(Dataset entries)

+ + + +

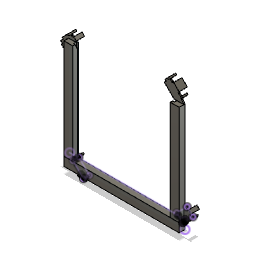
ClipOn v35 (Autodesk Fusion 360 design; units mm, degrees)
Autodesk Fusion 360 part; units mm, degrees
(part 1 of 2)
sketch "Sketch1" plane through (0, 0, 0) normal (0, 0, 1) x (1, 0, 0) in component "Faceplate"
  line L0 (10, 10) -> (310, 10)
  line L1 (310, 10) -> (310, 360)
  line L2 (310, 360) -> (10, 360)
  line L3 (10, 360) -> (10, 10)
  line L4 (85, 300) -> (235, 300)
  line L5 (235, 300) -> (235, 150)
  line L6 (235, 150) -> (85, 150)
  line L7 (85, 150) -> (85, 300)
  dimension "d7" = 10
  dimension "d8" = 10
  dimension "d10" = 350
  dimension "d11" = 75
  dimension "d12" = 140
  dimension "d13" = 150
  dimension "d14" = 150
  dimension "d15" = 75
  constraint horizontal L0
  constraint vertical L1
  constraint horizontal L2
  constraint vertical L3
  constraint horizontal L4
  constraint vertical L5
  constraint horizontal L6
  constraint vertical L7
  measures "d7" horizontal distance of origin L0.start
  measures "d8" vertical distance of origin L0.start
  measures "d10" distance of L0.end L1.end
  measures "d11" horizontal distance of L0.start L6.end
  measures "d12" vertical distance of L0.start L6.end
  measures "d13" distance of L5.end L6.end
  measures "d14" distance of L4.end L5.end
  measures "d15" horizontal distance of L0.end L5.end
extrude "Extrude1" add sketch "Sketch1" against normal blind 10 makes body 1 in component "Faceplate"
sketch "Sketch2" plane through (0, 0, 0) normal (0, 0, 1) x (1, 0, 0) in component "Bottom holder OLD"
  line L0 (235, 150) -> (85, 150)
  line L1 (85, 150) -> (85, 300)
  line L2 (85, 300) -> (235, 300)
  line L3 (235, 300) -> (235, 150)
  line L4 (10, 360) -> (10, 10)
  line L5 (10, 10) -> (310, 10)
  line L6 (310, 10) -> (310, 360)
  line L7 (310, 360) -> (10, 360)
  line L8 (258, 125) -> (62, 125)
  line L9 (62, 125) -> (62, 140)
  line L10 (62, 140) -> (258, 140)
  line L11 (258, 125) -> (258, 140)
  dimension "d18" = 196
  dimension "d20" = 15
  dimension "d69" = 10
  dimension "d70" = 23
  dimension "d74" = 15
  constraint horizontal L8
  constraint vertical L9
  constraint perpendicular L9 L10
  constraint perpendicular L10 L11
  measures "d18" distance of L8.start L8.end
  measures "d20" distance of L9.end L8.end
  measures "d69" vertical distance of L0.start L10.end
  measures "d70" horizontal distance of L0.end L9.end
  measures "d74" distance of L8.start L10.end
sketch "Sketch1 (2)" plane through (0, 0, 0) normal (0, 0, 1) x (1, 0, 0) in component "Left holder OLD"
  line L0 (235, 150) -> (85, 150)
  line L1 (85, 150) -> (85, 300)
  line L2 (85, 300) -> (235, 300)
  line L3 (235, 300) -> (235, 150)
  line L4 (10, 360) -> (10, 10)
  line L5 (10, 10) -> (310, 10)
  line L6 (310, 10) -> (310, 360)
  line L7 (310, 360) -> (10, 360)
  line L8 (77, 310) -> (62, 310)
  line L9 (62, 310) -> (62, 140)
  line L10 (62, 140) -> (77, 140)
  line L11 (77, 140) -> (77, 310)
  dimension "d23" = 15
  dimension "d24" = 170
  dimension "d64" = 10
  dimension "d72" = 8
  constraint horizontal L8
  constraint vertical L9
  constraint horizontal L10
  constraint vertical L11
  measures "d23" distance of L8.start L8.end
  measures "d24" distance of L8.end L9.end
  measures "d64" vertical distance of L0.end L10.end
  measures "d72" horizontal distance of L1.end L8.start
sketch "Sketch1 (3)" plane through (0, 0, 0) normal (0, 0, 1) x (1, 0, 0) in component "Right holder OLD"
  line L0 (235, 150) -> (85, 150)
  line L1 (85, 150) -> (85, 300)
  line L2 (85, 300) -> (241.0837, 300)
  line L3 (235, 300) -> (235, 150)
  line L4 (10, 360) -> (10, 10)
  line L5 (10, 10) -> (310, 10)
  line L6 (310, 10) -> (310, 360)
  line L7 (310, 360) -> (10, 360)
  line L8 (258, 310) -> (258, 140)
  line L9 (243, 140) -> (243, 310)
  line L10 (243, 140) -> (258, 140)
  line L11 (258, 310) -> (243, 310)
  dimension "d21" = 15
  dimension "d66" = 10
  dimension "d67" = 170
  dimension "d73" = 8
  constraint vertical L8
  constraint vertical L9
  constraint perpendicular L8 L10
  constraint perpendicular L9 L11
  measures "d21" distance of L9.end L8.start
  measures "d66" vertical distance of L0.start L9.start
  measures "d67" distance of L8.start L8.end
  measures "d73" horizontal distance of L3.start L9.end
extrude "Extrude2" add sketch "Sketch2" along normal blind 10 separate body contours L8 L9 L10 L11 makes body 2 in component "Bottom holder OLD"
extrude "Extrude1'" add sketch "Sketch1 (2)" along normal blind 10 separate body contours L8 L9 L10 L11 makes body 3 in component "Left holder OLD"
extrude "Extrude1''" add sketch "Sketch1 (3)" along normal blind 10 separate body contours L8 L9 L10 L11 makes body 4 in component "Right holder OLD"
sketch "Sketch2 (2)" plane through (77, 0, 0) normal (1, 0, 0) x (0, 0, -1) in component "Left holder OLD"
  line L0 (0, 140) -> (0, 310)
  line L1 (0, 310) -> (-10, 310)
  line L2 (-10, 310) -> (-10, 140)
  line L3 (-10, 140) -> (0, 140)
  line L4 (0, 310) -> (-1.5, 310)
  line L5 (-1.5, 310) -> (-1.5, 140)
  line L6 (-1.5, 140) -> (0, 140)
  line L7 (0, 140) -> (0, 310)
  dimension "d31" = 1.5
  constraint horizontal L4
  constraint vertical L5
  constraint horizontal L6
  constraint vertical L7
  constraint coincident L3 L5.end
  constraint coincident L0.end L1.start
  measures "d31" distance of L0.end L4.end
extrude "Extrude2'" cut sketch "Sketch2 (2)" against normal blind 3 contours L0 L1 L3 L4 L5 L6 L7 bodies 3 in component "Left holder OLD"
sketch "Sketch2 (3)" plane through (243, 0, 0) normal (-1, 0, 0) x (0, 0, 1) in component "Right holder OLD"
  line L0 (0, 310) -> (0, 140)
  line L1 (10, 140) -> (10, 310)
  line L2 (0, 310) -> (1.5, 310)
  line L3 (1.5, 310) -> (1.5, 145)
  line L4 (1.5, 145) -> (0, 145)
  line L5 (0, 145) -> (0, 310)
  line L6 (0, 140) -> (10, 140)
  line L7 (10, 310) -> (0, 310)
  dimension "d34" = 1.5
  constraint horizontal L2
  constraint vertical L3
  constraint horizontal L4
  constraint vertical L5
  constraint coincident L0.start L2.start
  measures "d34" distance of L3.end L4.end
extrude "Extrude2''" cut sketch "Sketch2 (3)" against normal blind 3 contours L0 L2 L3 L4 L5 L7 bodies 4 in component "Right holder OLD"
sketch "Sketch3" plane through (0, 0, 0) normal (0, 0, -1) x (-1, 0, 0) in component "Bottom holder OLD"
  line L0 (-258, 125) -> (-62, 125)
  line L1 (-62, 125) -> (-62, 140)
  circle A0 centre (-218, 132.5) radius 2.25
  circle A1 centre (-102, 132.5) radius 2.25
  line L2 (-62, 140) -> (-258, 140)
  line L3 (-258, 140) -> (-258, 125)
  dimension "d37" = 40
  dimension "d38" = 7.5
  dimension "d39" = 40
  dimension "d40" = 7.5
  dimension "d41" = 4.5
  dimension "d42" = 4.5
  measures "d37" horizontal distance of L0.start A0.centre
  measures "d38" vertical distance of L0.start A0.centre
  measures "d39" horizontal distance of L0.end A1.centre
  measures "d40" vertical distance of L0.end A1.centre
  measures "d41" diameter of A1
  measures "d42" diameter of A0
extrude "Extrude3" cut sketch "Sketch3" against normal blind 7 contours A0 | A1 bodies 2 in component "Bottom holder OLD"
sketch "Sketch3 (2)" plane through (0, 0, 0) normal (0, 0, -1) x (-1, 0, 0) in component "Left holder OLD"
  line L0 (-74, 310) -> (-74, 140)
  line L1 (-74, 140) -> (-62, 140)
  line L2 (-62, 140) -> (-62, 310)
  line L3 (-62, 310) -> (-74, 310)
  circle A0 centre (-68.5, 290) radius 2.25
  circle A1 centre (-68.5, 160) radius 2.25
  dimension "d45" = 20
  dimension "d46" = 20
  dimension "d47" = 6.5
  dimension "d48" = 6.5
  dimension "d49" = 4.5
  dimension "d50" = 4.5
  measures "d45" vertical distance of L2.end A0.centre
  measures "d46" vertical distance of L1.end A1.centre
  measures "d47" horizontal distance of L2.end A0.centre
  measures "d48" horizontal distance of L1.end A1.centre
  measures "d49" diameter of A0
  measures "d50" diameter of A1
sketch "Sketch3 (3)" plane through (0, 0, 0) normal (0, 0, -1) x (-1, 0, 0) in component "Right holder OLD"
  line L0 (-246, 145) -> (-246, 310)
  line L1 (-258, 310) -> (-258, 140)
  circle A0 centre (-251.5, 290) radius 2.25
  circle A1 centre (-251.5, 160) radius 2.25
  line L2 (-246, 310) -> (-258, 310)
  line L3 (-258, 140) -> (-243, 140)
  line L4 (-243, 140) -> (-243, 145)
  line L5 (-243, 145) -> (-246, 145)
  dimension "d52" = 20
  dimension "d53" = 20
  dimension "d55" = 6.5
  dimension "d56" = 6.5
  dimension "d57" = 4.5
  dimension "d58" = 4.5
  measures "d52" vertical distance of L1.start A0.centre
  measures "d53" vertical distance of L1.end A1.centre
  measures "d55" horizontal distance of L1.start A0.centre
  measures "d56" horizontal distance of L1.end A1.centre
  measures "d57" diameter of A1
  measures "d58" diameter of A0
extrude "Extrude3'" cut sketch "Sketch3 (2)" against normal blind 7 contours A0 | A1 bodies 3 in component "Left holder OLD"
extrude "Extrude3''" cut sketch "Sketch3 (3)" against normal blind 7 contours A0 | A1 bodies 4 in component "Right holder OLD"
ref_plane "WorkPlane1" through (160, 185, -60) normal (0, 0, -1) x (-1, 0, 0) in component "Bottom holder OLD"
sketch "Sketch1 (4)" plane through (160, 185, -60) normal (0, 0, -1) x (1, 0, 0) in component "Backplate"
  line L0 (150, -175) -> (-150, -175)
  line L1 (-150, -175) -> (-150, 175)
  line L2 (-150, 175) -> (150, 175)
  line L3 (150, 175) -> (150, -175)
  line L4 (75, -115) -> (-75, -115)
  line L5 (-75, -115) -> (-75, 35)
  line L6 (-75, 35) -> (75, 35)
  line L7 (75, 35) -> (75, -115)
  dimension "d76" = 300
  dimension "d77" = 350
  dimension "d78" = 175
  dimension "d79" = 150
  dimension "d84" = 150
  dimension "d85" = 150
  dimension "d86" = 75
  dimension "d87" = 60
  constraint horizontal L0
  constraint vertical L1
  constraint horizontal L2
  constraint vertical L3
  constraint horizontal L4
  constraint vertical L5
  constraint horizontal L6
  constraint vertical L7
  measures "d76" distance of L1.end L2.end
  measures "d77" distance of L0.start L2.end
  measures "d78" vertical distance of origin L1.end
  measures "d79" horizontal distance of origin L1.end
  measures "d84" distance of L4.start L6.end
  measures "d85" distance of L4.start L4.end
  measures "d86" distance of L3 L6.end
  measures "d87" distance of L0 L4.start
extrude "Extrude1'''" add sketch "Sketch1 (4)" along normal blind 20 separate body makes body 5 in component "Backplate"
sketch "Sketch1 (5)" plane through (0, 0, -60) normal (0, 0, 1) x (1, 0, 0) in component "Help lines"
  line L0 (235, 150) -> (85, 150)
  line L1 (85, 150) -> (85, 300)
  line L2 (85, 300) -> (235, 300)
  line L3 (235, 300) -> (235, 150)
  line L4 (10, 10) -> (310, 10)
  line L5 (310, 10) -> (310, 360)
  line L6 (310, 360) -> (10, 360)
  line L7 (10, 360) -> (10, 10)
  line L8 (85, 300) -> (235, 150)
  line L9 (85, 150) -> (235, 300)
  circle A0 centre (160, 225) radius 115
  line L10 (160, 225) -> (78.6827, 143.6827)
  line L11 (160, 225) -> (241.3173, 143.6827)
  line L12 (160, 225) -> (241.3173, 306.3173)
  line L13 (160, 225) -> (78.6827, 306.3173)
  circle A1 centre (160, 225) radius 118
  line L14 (160, 225) -> (76.5614, 141.5614)
  line L15 (160, 225) -> (243.4386, 141.5614)
  line L16 (160, 225) -> (243.4386, 308.4386)
  line L17 (160, 225) -> (76.5614, 308.4386)
  dimension "d90" = 230
  dimension "d131" = 236
  constraint coincident L1.end L2.start
  constraint coincident L0.start L3.end
  constraint coincident L0.end L1.start
  constraint coincident L2.end L3.start
  constraint midpoint L8 A0.centre
  constraint coincident A0.centre L10.start
  constraint coincident A0 L10.end
  constraint parallel L9 L10
  constraint coincident A0 L11.end
  constraint perpendicular L10 L11
  constraint coincident A0 L12.end
  constraint perpendicular L11 L12
  constraint coincident A0 L13.end
  constraint perpendicular L12 L13
  constraint concentric A0 A1
  constraint coincident A1 L14.end
  constraint parallel L9 L14
  constraint coincident A1 L15.end
  constraint perpendicular L14 L15
  constraint coincident A1 L16.end
  constraint perpendicular L15 L16
  constraint coincident A1 L17.end
  constraint perpendicular L16 L17
  measures "d90" diameter of A0
  measures "d131" diameter of A1
sketch "Sketch2 (4)" plane through (0, 0, -60) normal (0, 0, 1) x (1, 0, 0) in component "Sensor-Holder West"
  line L0 (235, 150) -> (85, 150)
  line L1 (85, 150) -> (85, 300)
  line L2 (85, 300) -> (235, 300)
  line L3 (235, 300) -> (235, 150)
  line L4 (10, 10) -> (310, 10)
  line L5 (310, 10) -> (310, 360)
  line L6 (310, 360) -> (10, 360)
  line L7 (10, 360) -> (10, 10)
  line L8 (78.8806, 143.4853) -> (96.5583, 125.8076)
  line L9 (96.5583, 125.8076) -> (88.073, 117.3223)
  line L10 (88.073, 117.3223) -> (70.3954, 135)
  line L11 (70.3954, 135) -> (78.8806, 143.4853)
  circle A0 centre (160, 225) radius 115
  point P0 (85, 150)
  dimension "d91" = 12
  dimension "d92" = 25
  dimension "d93" = 15
  dimension "d94" = 45
  constraint perpendicular L8 L9
  constraint parallel L8 L10
  constraint parallel L9 L11
  constraint coincident L8.start A0
  measures "d91" distance of L8.start L10.end
  measures "d92" distance of L9.end L10.end
  measures "d93" vertical distance of L10.end P0
  measures "d94" angle of L7 L10
extrude "Extrude1''''" add sketch "Sketch2 (4)" along normal blind 24.5 separate body contours L8 L9 L10 L11 makes body 6 in component "Sensor-Holder West"
sketch "Sketch3 (4)" plane through (111.183, 111.183, 0) normal (0.707107, 0.707107, 0) x (0, 0, -1) in component "Sensor-Holder West"
  line L0 (60, 20.6824) -> (60, 45.6824)
  line L1 (60, 45.6824) -> (35.5, 45.6824)
  line L2 (35.5, 45.6824) -> (35.5, 20.6824)
  line L3 (35.5, 20.6824) -> (60, 20.6824)
  line L4 (60, 45.6824) -> (59, 45.6824)
  line L5 (59, 45.6824) -> (59, 20.6824)
  line L6 (59, 20.6824) -> (60, 20.6824)
  line L7 (60, 20.6824) -> (60, 45.6824)
  point P0 (60, 45.9619)
  dimension "d97" = 1
  constraint horizontal L4
  constraint vertical L5
  constraint horizontal L6
  constraint vertical L7
  constraint coincident L3 L5.end
  constraint coincident L0.end L1.start
  measures "d97" horizontal distance of L4.end P0
extrude "Extrude2'''" add sketch "Sketch3 (4)" along normal blind 2 contours L0 L1 L3 L4 L5 L6 L7 bodies 6 in component "Sensor-Holder West"
sketch "Sketch4" plane through (111.183, 111.183, 0) normal (0.707107, 0.707107, 0) x (0, 0, -1) in component "Sensor-Holder West"
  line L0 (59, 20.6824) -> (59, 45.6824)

+ + + +

**INSTRUCTIONS TO FOLLOW:** Repeat exactly the lines from the start of the entries down to the line with "line L1 (310, 10) -> (310, 360)", keeping both ends but none of the pictures.

**WRITTEN RESPONSE:**
ClipOn v35 (Autodesk Fusion 360 design; units mm, degrees)
Autodesk Fusion 360 part; units mm, degrees
(part 1 of 2)
sketch "Sketch1" plane through (0, 0, 0) normal (0, 0, 1) x (1, 0, 0) in component "Faceplate"
  line L0 (10, 10) -> (310, 10)
  line L1 (310, 10) -> (310, 360)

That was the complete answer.